• **GIVEN RECORDS**:

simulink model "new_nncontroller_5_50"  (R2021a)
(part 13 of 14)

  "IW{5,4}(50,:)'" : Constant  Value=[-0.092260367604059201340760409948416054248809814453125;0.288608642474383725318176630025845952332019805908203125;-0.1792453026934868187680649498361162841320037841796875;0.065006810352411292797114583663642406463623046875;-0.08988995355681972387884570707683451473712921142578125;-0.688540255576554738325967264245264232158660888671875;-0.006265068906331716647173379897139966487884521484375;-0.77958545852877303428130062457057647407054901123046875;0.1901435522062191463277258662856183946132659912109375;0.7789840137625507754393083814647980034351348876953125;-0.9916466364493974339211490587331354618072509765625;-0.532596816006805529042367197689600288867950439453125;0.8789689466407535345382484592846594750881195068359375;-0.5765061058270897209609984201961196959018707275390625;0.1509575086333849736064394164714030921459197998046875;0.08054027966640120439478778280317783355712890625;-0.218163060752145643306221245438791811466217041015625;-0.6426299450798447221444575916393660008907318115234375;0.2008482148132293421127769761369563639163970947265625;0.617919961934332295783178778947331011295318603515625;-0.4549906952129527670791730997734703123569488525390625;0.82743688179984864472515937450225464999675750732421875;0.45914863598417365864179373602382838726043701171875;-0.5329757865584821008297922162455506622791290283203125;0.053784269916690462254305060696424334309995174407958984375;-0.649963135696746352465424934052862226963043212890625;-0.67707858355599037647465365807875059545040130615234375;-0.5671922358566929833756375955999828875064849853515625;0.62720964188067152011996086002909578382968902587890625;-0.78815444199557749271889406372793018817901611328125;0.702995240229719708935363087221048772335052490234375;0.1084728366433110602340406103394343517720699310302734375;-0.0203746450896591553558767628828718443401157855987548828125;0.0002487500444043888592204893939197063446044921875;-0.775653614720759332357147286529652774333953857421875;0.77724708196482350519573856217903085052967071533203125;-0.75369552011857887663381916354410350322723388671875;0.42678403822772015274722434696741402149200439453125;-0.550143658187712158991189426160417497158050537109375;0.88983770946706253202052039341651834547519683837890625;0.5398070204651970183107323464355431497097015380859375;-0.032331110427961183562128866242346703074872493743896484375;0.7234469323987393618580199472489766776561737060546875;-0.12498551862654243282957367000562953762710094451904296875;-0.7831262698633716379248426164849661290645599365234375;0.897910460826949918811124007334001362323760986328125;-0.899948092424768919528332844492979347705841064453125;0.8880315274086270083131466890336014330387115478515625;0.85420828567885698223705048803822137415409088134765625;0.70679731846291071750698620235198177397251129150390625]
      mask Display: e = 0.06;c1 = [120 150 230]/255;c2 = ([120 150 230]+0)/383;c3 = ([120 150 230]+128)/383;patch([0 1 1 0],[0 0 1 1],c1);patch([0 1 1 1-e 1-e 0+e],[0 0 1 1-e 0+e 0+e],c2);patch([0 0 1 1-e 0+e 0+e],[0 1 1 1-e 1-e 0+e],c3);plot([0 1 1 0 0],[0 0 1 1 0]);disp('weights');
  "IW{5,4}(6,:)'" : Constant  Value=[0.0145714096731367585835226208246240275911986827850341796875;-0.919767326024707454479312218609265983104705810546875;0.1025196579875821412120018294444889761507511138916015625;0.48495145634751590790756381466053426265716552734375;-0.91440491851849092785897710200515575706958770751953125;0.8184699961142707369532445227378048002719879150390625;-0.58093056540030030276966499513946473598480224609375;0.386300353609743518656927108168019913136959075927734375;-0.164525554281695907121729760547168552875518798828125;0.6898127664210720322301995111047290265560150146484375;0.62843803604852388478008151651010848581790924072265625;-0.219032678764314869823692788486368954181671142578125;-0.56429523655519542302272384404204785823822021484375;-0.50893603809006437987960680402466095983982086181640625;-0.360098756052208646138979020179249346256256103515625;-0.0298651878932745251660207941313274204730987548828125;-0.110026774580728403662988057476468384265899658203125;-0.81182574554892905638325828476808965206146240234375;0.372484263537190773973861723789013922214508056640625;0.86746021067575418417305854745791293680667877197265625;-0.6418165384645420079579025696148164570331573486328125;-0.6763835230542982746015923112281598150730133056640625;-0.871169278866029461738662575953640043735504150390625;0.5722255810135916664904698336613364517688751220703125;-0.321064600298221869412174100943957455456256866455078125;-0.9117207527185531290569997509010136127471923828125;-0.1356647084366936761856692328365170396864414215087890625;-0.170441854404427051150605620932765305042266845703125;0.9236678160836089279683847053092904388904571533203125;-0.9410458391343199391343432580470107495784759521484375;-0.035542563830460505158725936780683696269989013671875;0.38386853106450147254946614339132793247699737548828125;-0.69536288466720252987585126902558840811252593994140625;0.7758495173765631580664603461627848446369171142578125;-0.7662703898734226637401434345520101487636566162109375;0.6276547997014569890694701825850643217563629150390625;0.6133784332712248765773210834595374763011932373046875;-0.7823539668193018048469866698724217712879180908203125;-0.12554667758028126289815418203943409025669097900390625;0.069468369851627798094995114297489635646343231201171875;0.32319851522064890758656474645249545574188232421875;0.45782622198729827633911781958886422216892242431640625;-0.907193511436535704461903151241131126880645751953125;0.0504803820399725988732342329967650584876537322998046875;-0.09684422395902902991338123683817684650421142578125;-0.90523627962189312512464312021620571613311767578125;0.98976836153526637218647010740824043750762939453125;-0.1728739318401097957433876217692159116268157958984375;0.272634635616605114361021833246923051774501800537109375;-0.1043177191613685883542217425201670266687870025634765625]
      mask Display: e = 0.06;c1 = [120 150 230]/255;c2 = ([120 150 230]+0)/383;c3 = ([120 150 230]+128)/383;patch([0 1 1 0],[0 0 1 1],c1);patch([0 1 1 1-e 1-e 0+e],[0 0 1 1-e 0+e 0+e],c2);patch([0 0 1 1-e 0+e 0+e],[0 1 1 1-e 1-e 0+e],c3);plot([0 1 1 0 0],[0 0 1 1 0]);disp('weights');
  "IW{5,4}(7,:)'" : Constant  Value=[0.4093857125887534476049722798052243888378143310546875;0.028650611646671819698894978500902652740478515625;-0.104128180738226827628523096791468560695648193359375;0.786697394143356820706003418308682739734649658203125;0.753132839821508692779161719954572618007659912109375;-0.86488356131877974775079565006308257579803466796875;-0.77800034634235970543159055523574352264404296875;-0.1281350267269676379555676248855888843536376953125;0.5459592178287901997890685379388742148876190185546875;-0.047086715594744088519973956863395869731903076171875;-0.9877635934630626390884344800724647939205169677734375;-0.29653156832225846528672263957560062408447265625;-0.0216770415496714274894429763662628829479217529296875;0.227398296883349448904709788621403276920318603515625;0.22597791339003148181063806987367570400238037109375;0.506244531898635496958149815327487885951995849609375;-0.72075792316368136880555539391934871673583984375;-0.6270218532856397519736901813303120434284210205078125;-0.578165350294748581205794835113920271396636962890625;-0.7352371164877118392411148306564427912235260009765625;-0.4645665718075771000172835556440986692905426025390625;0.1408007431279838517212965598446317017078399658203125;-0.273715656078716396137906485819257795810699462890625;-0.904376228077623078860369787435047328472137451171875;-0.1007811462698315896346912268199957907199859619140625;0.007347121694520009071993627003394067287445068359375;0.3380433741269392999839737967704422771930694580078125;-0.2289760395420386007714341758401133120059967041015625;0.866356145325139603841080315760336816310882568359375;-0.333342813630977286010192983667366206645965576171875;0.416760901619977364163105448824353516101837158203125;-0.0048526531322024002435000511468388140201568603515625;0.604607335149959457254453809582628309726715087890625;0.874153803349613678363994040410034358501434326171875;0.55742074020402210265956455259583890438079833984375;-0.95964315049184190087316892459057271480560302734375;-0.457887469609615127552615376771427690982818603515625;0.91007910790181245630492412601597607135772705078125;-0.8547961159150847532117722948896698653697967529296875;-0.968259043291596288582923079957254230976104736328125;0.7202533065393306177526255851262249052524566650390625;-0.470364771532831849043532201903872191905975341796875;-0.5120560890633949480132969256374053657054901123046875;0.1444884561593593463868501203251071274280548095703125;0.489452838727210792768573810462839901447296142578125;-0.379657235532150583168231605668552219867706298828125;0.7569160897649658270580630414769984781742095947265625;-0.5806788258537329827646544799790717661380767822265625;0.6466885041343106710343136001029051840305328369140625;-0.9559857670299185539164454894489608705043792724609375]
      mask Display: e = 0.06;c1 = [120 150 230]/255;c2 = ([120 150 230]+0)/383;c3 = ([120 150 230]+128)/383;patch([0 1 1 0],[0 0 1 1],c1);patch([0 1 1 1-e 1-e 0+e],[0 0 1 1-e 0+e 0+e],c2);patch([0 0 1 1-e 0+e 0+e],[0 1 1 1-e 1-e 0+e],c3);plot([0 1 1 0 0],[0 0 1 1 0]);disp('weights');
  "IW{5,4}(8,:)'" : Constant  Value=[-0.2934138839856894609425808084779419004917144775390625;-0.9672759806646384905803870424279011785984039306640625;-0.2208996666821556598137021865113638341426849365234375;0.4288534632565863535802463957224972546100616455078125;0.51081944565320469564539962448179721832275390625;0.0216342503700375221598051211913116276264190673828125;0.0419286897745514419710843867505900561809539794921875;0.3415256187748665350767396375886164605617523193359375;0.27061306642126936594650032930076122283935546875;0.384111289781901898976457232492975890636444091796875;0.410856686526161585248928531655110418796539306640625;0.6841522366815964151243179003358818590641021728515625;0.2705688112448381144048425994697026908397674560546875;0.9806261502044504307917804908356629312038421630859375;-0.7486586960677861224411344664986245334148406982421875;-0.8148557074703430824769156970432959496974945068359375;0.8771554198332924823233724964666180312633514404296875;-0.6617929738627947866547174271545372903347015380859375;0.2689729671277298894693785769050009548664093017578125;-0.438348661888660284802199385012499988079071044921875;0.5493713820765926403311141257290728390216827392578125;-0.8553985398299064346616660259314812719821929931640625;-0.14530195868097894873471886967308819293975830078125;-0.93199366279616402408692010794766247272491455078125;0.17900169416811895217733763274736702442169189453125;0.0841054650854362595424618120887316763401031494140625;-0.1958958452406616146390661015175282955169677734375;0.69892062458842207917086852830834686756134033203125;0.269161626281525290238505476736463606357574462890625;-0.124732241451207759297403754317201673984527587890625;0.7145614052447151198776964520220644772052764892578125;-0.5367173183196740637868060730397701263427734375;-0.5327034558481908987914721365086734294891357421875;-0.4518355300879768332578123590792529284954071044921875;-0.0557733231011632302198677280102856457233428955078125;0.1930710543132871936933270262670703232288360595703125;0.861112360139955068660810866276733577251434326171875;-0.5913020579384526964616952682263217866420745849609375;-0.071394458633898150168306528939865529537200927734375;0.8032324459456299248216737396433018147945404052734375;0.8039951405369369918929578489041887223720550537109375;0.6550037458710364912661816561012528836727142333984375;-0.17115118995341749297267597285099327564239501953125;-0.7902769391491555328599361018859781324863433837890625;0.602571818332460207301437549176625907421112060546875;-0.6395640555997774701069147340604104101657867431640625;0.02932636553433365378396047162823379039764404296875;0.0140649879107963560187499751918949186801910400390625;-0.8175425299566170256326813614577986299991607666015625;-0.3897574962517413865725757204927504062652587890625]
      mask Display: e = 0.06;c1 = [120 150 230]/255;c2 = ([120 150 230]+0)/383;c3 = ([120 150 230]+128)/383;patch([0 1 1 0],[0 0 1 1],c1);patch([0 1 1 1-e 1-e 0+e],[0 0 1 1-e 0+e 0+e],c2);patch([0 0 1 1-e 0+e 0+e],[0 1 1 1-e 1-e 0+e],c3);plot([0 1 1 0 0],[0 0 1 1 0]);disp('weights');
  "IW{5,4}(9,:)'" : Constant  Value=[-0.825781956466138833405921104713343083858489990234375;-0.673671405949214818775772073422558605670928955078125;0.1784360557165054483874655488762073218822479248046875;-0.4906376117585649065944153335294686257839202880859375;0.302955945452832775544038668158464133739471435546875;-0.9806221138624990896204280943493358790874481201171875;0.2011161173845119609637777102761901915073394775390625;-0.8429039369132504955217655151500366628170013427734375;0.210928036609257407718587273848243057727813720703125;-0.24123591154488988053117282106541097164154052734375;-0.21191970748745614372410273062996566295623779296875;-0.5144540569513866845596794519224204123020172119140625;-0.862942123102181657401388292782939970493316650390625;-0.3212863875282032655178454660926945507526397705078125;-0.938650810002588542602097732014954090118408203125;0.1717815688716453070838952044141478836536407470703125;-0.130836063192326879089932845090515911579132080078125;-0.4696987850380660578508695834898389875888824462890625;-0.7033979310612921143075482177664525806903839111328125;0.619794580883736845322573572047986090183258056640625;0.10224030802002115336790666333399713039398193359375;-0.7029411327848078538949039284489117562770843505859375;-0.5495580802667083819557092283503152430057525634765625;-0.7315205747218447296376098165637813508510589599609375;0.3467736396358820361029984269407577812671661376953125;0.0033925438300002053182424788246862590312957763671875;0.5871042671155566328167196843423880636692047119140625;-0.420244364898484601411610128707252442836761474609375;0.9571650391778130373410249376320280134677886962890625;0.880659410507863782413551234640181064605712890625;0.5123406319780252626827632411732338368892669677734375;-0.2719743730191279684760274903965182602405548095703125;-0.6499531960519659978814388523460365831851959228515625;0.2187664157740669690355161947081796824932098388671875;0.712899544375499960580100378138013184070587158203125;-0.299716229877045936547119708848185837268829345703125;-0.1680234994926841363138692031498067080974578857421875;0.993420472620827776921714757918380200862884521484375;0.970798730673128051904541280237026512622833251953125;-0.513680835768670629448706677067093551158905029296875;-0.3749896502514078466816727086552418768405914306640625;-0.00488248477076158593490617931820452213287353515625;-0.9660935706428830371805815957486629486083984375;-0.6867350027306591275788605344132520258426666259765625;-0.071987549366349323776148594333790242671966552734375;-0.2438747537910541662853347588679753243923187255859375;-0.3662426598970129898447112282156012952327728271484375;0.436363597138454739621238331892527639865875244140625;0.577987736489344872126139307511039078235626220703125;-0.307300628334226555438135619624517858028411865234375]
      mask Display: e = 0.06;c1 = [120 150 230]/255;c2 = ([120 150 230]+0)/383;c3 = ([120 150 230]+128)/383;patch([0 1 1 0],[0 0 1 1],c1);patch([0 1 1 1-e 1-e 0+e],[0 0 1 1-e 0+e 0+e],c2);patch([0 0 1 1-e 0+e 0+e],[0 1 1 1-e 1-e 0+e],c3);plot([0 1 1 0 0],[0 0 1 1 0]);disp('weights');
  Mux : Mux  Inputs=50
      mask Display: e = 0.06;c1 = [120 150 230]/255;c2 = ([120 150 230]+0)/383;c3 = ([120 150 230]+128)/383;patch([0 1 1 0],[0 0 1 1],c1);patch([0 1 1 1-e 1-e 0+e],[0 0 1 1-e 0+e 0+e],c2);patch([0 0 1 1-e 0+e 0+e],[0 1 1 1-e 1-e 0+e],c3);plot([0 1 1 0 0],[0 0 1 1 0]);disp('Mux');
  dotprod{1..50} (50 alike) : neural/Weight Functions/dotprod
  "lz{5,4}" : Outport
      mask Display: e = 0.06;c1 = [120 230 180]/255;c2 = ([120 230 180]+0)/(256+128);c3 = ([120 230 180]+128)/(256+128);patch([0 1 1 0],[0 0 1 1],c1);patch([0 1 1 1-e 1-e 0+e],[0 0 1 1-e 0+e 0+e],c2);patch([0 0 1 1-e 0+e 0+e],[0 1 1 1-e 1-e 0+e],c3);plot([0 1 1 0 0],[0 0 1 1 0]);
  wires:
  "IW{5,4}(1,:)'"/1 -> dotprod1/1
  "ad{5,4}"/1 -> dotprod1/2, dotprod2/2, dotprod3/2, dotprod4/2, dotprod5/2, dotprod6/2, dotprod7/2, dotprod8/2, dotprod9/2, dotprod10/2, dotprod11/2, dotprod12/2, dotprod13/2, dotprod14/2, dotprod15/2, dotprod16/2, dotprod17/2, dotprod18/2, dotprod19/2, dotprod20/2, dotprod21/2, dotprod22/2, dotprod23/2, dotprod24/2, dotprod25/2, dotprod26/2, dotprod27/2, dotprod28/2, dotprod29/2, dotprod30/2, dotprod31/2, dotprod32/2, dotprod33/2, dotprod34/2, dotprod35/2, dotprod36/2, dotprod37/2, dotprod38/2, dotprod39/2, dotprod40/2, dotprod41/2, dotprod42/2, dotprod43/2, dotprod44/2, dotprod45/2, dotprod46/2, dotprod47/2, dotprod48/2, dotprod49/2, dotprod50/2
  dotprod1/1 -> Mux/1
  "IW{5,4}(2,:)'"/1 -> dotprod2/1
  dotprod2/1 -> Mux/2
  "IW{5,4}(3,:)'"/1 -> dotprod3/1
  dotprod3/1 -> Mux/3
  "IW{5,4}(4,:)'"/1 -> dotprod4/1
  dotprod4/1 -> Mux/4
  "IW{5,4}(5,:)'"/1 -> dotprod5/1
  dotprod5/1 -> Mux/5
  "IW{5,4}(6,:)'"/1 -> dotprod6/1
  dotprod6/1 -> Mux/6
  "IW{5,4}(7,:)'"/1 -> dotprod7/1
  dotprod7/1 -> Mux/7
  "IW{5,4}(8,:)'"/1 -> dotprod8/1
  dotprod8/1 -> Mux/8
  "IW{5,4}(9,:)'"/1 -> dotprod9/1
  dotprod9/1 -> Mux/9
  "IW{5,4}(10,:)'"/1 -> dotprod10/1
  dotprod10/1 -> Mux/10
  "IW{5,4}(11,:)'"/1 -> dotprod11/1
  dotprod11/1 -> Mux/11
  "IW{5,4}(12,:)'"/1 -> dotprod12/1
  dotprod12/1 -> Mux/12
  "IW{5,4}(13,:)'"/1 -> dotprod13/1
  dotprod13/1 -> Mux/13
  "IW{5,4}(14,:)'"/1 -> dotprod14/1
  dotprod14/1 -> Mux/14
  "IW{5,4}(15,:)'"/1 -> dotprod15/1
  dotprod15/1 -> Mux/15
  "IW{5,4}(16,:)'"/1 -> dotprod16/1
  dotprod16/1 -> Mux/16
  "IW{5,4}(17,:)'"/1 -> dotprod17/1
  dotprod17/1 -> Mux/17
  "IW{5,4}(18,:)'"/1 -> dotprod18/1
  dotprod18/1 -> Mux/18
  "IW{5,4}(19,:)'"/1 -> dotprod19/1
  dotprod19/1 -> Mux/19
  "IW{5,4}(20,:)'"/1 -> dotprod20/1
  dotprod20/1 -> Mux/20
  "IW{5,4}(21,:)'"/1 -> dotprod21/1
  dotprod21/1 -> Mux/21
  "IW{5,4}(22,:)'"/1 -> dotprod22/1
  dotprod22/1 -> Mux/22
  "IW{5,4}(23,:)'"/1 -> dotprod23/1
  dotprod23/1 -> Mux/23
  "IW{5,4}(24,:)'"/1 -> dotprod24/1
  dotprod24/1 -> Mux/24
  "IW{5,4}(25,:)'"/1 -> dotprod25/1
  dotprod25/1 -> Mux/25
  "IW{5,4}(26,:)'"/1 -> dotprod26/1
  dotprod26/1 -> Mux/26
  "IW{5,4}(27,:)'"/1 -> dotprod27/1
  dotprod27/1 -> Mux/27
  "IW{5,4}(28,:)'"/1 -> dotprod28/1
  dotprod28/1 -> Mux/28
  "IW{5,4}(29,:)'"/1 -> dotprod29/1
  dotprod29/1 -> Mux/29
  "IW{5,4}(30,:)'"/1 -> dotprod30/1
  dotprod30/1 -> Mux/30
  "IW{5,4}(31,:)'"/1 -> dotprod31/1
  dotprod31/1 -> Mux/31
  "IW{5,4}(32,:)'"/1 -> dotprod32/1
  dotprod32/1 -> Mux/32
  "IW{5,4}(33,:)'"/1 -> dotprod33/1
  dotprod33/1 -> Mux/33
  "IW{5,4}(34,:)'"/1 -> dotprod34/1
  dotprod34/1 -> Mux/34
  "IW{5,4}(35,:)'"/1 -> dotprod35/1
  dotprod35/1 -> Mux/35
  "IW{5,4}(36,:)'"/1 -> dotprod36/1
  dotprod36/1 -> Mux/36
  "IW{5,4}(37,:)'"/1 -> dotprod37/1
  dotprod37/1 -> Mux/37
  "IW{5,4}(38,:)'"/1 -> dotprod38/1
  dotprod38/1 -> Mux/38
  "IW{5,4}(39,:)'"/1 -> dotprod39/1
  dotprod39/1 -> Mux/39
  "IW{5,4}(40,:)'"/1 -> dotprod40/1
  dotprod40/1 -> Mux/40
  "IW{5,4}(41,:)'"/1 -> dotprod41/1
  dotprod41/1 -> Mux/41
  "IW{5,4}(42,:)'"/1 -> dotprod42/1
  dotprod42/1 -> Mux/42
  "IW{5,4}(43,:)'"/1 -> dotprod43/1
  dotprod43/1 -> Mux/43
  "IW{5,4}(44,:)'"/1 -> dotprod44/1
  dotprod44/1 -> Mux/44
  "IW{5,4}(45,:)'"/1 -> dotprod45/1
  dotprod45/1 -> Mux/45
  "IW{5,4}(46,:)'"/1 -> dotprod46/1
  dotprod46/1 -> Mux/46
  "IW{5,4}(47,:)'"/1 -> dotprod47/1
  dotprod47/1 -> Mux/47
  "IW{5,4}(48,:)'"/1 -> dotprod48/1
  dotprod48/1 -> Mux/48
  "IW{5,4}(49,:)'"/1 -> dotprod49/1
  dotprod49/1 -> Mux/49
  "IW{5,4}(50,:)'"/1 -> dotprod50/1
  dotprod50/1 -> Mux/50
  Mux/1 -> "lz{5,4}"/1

• **GOAL OF THE EXERCISE**:
Starting with the line that contains "dotprod36/1 -> Mux/36", print each line through the last one in the listing. Include both end lines and add nothing.

• **SOLUTION TO THIS TASK**:
  dotprod36/1 -> Mux/36
  "IW{5,4}(37,:)'"/1 -> dotprod37/1
  dotprod37/1 -> Mux/37
  "IW{5,4}(38,:)'"/1 -> dotprod38/1
  dotprod38/1 -> Mux/38
  "IW{5,4}(39,:)'"/1 -> dotprod39/1
  dotprod39/1 -> Mux/39
  "IW{5,4}(40,:)'"/1 -> dotprod40/1
  dotprod40/1 -> Mux/40
  "IW{5,4}(41,:)'"/1 -> dotprod41/1
  dotprod41/1 -> Mux/41
  "IW{5,4}(42,:)'"/1 -> dotprod42/1
  dotprod42/1 -> Mux/42
  "IW{5,4}(43,:)'"/1 -> dotprod43/1
  dotprod43/1 -> Mux/43
  "IW{5,4}(44,:)'"/1 -> dotprod44/1
  dotprod44/1 -> Mux/44
  "IW{5,4}(45,:)'"/1 -> dotprod45/1
  dotprod45/1 -> Mux/45
  "IW{5,4}(46,:)'"/1 -> dotprod46/1
  dotprod46/1 -> Mux/46
  "IW{5,4}(47,:)'"/1 -> dotprod47/1
  dotprod47/1 -> Mux/47
  "IW{5,4}(48,:)'"/1 -> dotprod48/1
  dotprod48/1 -> Mux/48
  "IW{5,4}(49,:)'"/1 -> dotprod49/1
  dotprod49/1 -> Mux/49
  "IW{5,4}(50,:)'"/1 -> dotprod50/1
  dotprod50/1 -> Mux/50
  Mux/1 -> "lz{5,4}"/1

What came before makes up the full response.